### WHAT TO DO:
In the data below, find every line with the word "Plano" and copy it out.

(Source records)

########################################

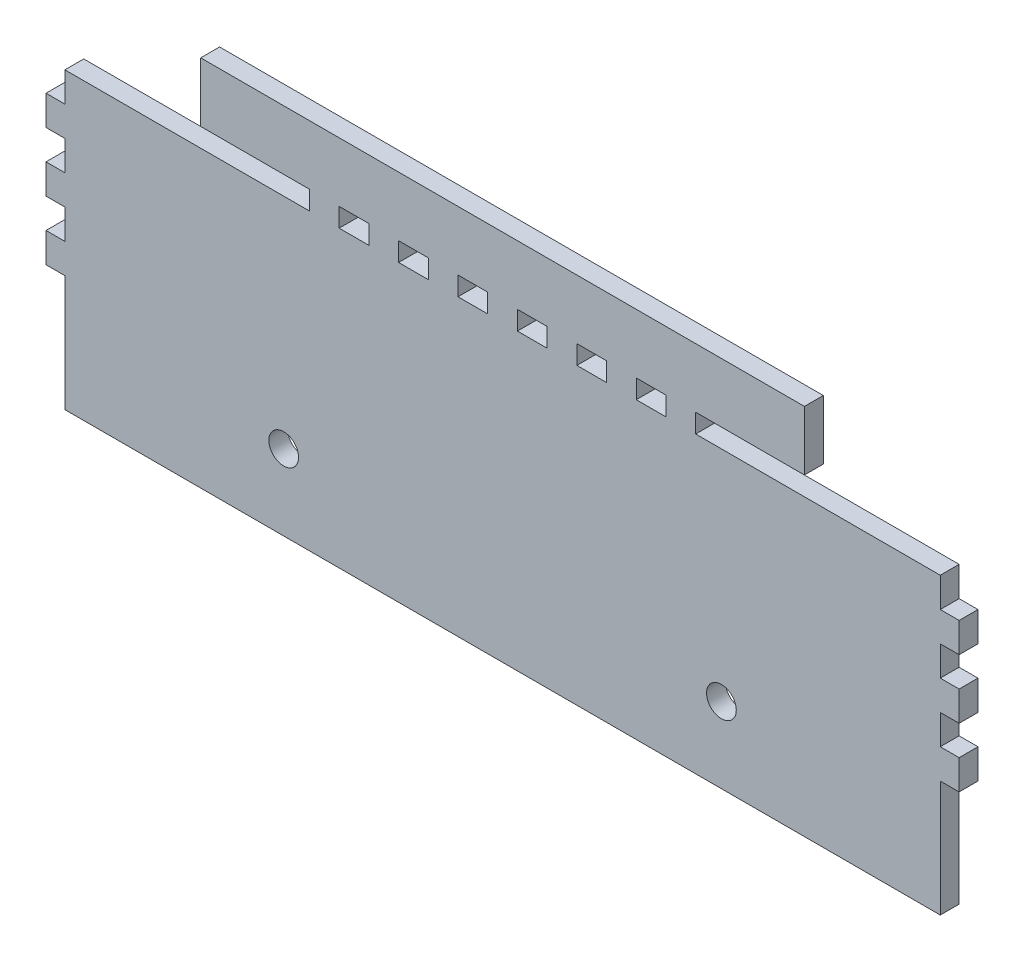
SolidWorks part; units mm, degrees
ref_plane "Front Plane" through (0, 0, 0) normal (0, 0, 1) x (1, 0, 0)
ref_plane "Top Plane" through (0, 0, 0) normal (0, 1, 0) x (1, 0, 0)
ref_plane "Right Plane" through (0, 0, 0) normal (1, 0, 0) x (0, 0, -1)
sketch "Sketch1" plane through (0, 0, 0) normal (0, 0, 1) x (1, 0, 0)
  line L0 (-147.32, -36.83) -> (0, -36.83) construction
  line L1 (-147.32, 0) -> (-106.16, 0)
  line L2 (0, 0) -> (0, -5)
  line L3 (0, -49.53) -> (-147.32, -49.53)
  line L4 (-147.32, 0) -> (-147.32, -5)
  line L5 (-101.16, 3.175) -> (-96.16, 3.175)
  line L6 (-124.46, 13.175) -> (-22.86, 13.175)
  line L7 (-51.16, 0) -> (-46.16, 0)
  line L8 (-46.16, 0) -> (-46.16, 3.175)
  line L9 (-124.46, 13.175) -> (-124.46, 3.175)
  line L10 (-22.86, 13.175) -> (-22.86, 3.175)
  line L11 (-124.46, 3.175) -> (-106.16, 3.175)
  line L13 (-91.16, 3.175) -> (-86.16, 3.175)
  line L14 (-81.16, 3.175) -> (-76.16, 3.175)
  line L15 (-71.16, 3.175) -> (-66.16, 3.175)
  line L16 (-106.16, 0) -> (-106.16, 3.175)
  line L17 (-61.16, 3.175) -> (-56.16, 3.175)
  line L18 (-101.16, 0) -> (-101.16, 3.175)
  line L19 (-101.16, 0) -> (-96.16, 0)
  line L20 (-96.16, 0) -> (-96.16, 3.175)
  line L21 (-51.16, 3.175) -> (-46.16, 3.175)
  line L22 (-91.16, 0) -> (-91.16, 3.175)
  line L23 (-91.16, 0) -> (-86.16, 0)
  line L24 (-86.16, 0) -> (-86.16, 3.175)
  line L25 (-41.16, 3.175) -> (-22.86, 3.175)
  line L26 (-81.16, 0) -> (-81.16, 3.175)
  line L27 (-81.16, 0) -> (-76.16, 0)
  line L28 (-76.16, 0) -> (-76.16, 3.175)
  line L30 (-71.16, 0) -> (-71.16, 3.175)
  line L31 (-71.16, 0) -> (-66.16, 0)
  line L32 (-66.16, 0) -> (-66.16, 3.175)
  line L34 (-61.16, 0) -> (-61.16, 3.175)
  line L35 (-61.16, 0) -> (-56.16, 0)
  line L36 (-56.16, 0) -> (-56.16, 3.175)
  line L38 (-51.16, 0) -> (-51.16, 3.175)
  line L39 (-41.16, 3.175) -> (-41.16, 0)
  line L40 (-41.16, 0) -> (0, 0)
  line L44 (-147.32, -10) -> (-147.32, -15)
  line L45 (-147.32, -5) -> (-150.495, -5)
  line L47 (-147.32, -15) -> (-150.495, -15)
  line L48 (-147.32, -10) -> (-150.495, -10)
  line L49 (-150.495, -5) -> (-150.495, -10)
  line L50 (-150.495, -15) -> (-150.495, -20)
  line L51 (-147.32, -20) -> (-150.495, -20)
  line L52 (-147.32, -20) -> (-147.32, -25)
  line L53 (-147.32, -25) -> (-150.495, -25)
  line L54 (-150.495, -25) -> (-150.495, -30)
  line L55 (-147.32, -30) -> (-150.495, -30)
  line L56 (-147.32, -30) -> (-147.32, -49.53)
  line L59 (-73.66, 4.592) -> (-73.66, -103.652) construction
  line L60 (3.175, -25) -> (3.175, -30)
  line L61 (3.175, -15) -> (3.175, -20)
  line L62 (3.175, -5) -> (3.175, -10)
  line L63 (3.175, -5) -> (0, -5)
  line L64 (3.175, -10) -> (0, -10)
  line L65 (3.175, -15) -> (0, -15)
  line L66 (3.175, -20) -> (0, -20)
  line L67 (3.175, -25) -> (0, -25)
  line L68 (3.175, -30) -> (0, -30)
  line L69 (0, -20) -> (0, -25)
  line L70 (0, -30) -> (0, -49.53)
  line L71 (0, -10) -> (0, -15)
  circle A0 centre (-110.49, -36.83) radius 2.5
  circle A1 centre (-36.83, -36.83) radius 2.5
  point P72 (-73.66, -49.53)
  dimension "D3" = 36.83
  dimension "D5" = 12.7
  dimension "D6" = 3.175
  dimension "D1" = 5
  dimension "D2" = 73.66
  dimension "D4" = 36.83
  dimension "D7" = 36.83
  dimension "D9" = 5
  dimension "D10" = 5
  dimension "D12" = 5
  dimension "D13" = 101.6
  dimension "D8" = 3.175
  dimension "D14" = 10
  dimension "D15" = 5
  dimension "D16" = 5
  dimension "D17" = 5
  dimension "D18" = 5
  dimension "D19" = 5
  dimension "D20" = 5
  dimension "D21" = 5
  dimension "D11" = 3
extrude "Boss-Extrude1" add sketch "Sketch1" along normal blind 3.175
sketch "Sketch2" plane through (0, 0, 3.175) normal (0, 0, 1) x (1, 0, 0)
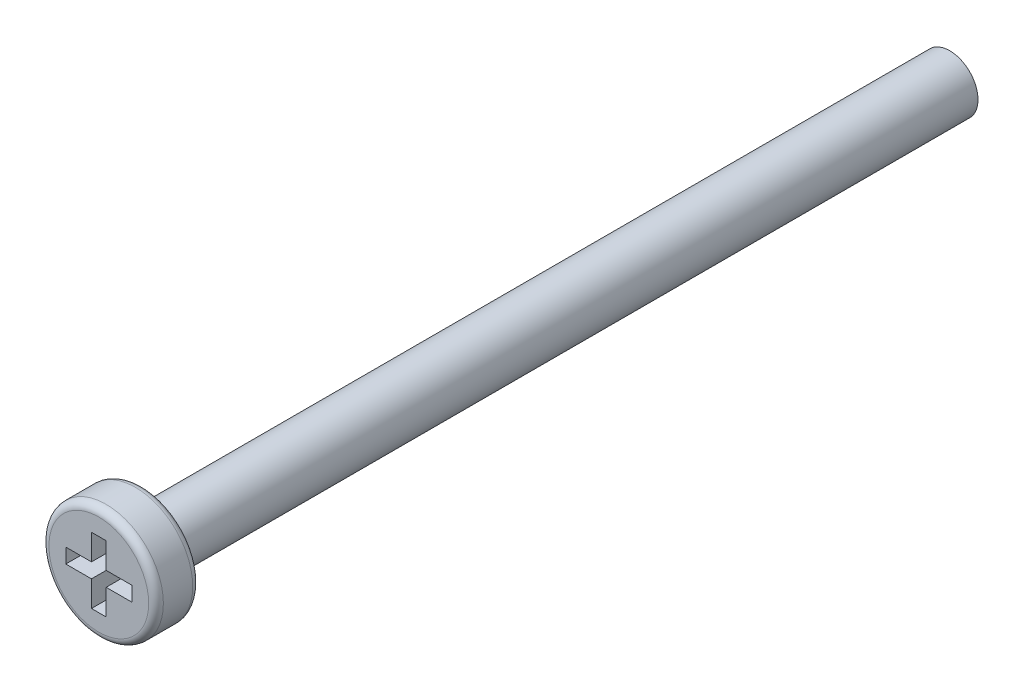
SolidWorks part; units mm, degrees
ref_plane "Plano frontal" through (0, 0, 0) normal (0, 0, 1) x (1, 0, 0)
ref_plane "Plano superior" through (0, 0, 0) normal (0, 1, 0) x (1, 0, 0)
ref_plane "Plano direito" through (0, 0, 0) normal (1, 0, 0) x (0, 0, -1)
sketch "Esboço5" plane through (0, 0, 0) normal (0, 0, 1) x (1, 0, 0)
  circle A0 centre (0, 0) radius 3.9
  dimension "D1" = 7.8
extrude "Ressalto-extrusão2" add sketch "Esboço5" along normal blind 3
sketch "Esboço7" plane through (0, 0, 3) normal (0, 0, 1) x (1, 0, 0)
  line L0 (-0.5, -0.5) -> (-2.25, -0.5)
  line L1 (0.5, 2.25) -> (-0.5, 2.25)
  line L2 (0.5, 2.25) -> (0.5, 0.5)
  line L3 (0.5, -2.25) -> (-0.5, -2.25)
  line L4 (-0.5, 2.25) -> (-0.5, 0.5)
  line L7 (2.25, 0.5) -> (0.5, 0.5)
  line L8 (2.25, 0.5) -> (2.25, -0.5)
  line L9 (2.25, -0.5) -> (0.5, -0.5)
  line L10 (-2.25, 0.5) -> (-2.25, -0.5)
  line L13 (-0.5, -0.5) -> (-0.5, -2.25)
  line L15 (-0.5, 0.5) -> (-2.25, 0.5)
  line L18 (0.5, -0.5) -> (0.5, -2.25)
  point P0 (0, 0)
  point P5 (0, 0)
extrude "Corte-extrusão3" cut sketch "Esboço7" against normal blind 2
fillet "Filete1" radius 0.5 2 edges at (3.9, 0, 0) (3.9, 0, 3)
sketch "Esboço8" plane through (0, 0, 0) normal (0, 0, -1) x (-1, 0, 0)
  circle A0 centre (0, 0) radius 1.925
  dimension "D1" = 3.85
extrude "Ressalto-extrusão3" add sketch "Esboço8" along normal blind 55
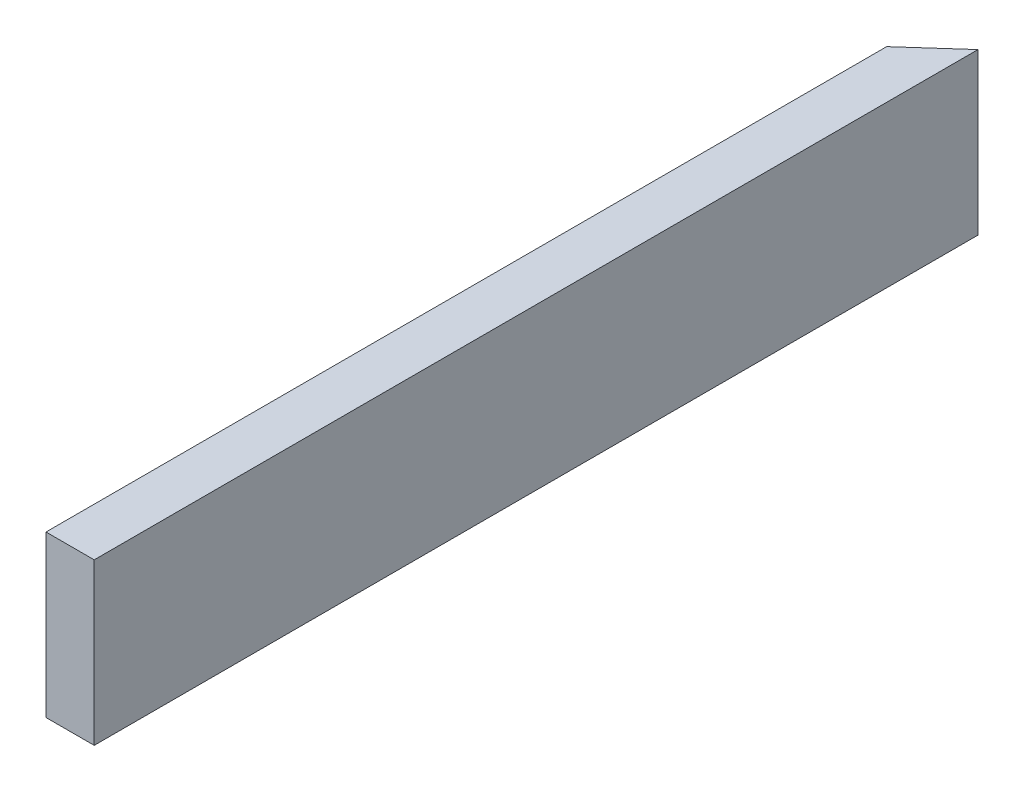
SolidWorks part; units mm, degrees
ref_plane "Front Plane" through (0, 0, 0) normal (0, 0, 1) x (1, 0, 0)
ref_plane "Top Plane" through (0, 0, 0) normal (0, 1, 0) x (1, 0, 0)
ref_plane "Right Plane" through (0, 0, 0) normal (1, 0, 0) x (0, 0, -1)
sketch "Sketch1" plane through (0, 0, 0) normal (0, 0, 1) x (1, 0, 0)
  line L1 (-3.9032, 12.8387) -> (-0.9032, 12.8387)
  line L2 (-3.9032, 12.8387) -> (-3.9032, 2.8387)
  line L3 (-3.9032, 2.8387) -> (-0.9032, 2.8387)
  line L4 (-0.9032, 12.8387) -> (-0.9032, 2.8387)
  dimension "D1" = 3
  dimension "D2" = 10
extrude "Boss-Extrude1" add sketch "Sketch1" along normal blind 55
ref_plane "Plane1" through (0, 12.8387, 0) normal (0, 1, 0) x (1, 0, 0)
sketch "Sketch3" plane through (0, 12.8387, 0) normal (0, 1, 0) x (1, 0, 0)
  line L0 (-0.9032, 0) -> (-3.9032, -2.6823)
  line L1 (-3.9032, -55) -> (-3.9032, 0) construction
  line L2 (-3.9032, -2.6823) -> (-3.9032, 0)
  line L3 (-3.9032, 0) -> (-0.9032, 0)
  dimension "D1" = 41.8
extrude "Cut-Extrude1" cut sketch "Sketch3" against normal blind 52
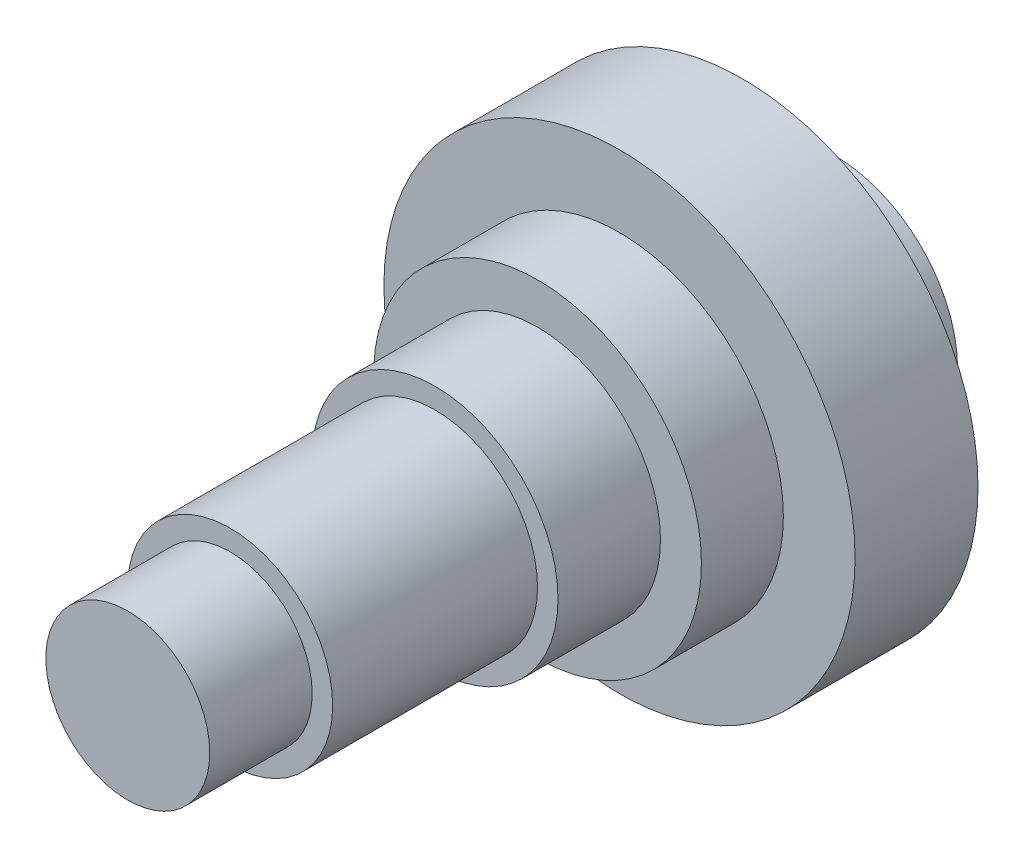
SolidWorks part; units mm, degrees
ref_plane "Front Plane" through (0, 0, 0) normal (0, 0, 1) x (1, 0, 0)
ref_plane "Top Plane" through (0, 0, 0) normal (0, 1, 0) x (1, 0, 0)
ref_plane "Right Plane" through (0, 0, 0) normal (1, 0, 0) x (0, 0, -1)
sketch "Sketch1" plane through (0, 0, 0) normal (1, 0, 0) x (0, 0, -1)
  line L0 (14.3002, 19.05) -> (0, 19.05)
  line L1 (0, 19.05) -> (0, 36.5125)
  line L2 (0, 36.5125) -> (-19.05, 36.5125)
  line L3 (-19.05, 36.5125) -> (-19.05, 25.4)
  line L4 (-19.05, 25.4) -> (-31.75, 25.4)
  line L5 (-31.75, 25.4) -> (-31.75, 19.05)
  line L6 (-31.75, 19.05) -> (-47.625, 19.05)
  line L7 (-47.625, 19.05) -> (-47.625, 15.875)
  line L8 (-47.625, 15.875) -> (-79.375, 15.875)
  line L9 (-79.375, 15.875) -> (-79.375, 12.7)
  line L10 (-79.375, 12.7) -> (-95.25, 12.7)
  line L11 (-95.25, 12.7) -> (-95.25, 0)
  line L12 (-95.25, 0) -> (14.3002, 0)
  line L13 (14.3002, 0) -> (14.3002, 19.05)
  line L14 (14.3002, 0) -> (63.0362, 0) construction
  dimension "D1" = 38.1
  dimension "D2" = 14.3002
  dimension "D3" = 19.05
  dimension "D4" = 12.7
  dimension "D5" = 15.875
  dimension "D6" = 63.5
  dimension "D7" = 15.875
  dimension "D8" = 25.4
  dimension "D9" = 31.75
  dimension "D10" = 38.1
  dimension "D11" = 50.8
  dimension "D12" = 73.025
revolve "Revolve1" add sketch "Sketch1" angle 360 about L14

########################################

### OUTPUT OF THE TASK:
ref_plane "Plano frontal" through (0, 0, 0) normal (0, 0, 1) x (1, 0, 0)
ref_plane "Plano superior" through (0, 0, 0) normal (0, 1, 0) x (1, 0, 0)
ref_plane "Plano direito" through (0, 0, 0) normal (1, 0, 0) x (0, 0, -1)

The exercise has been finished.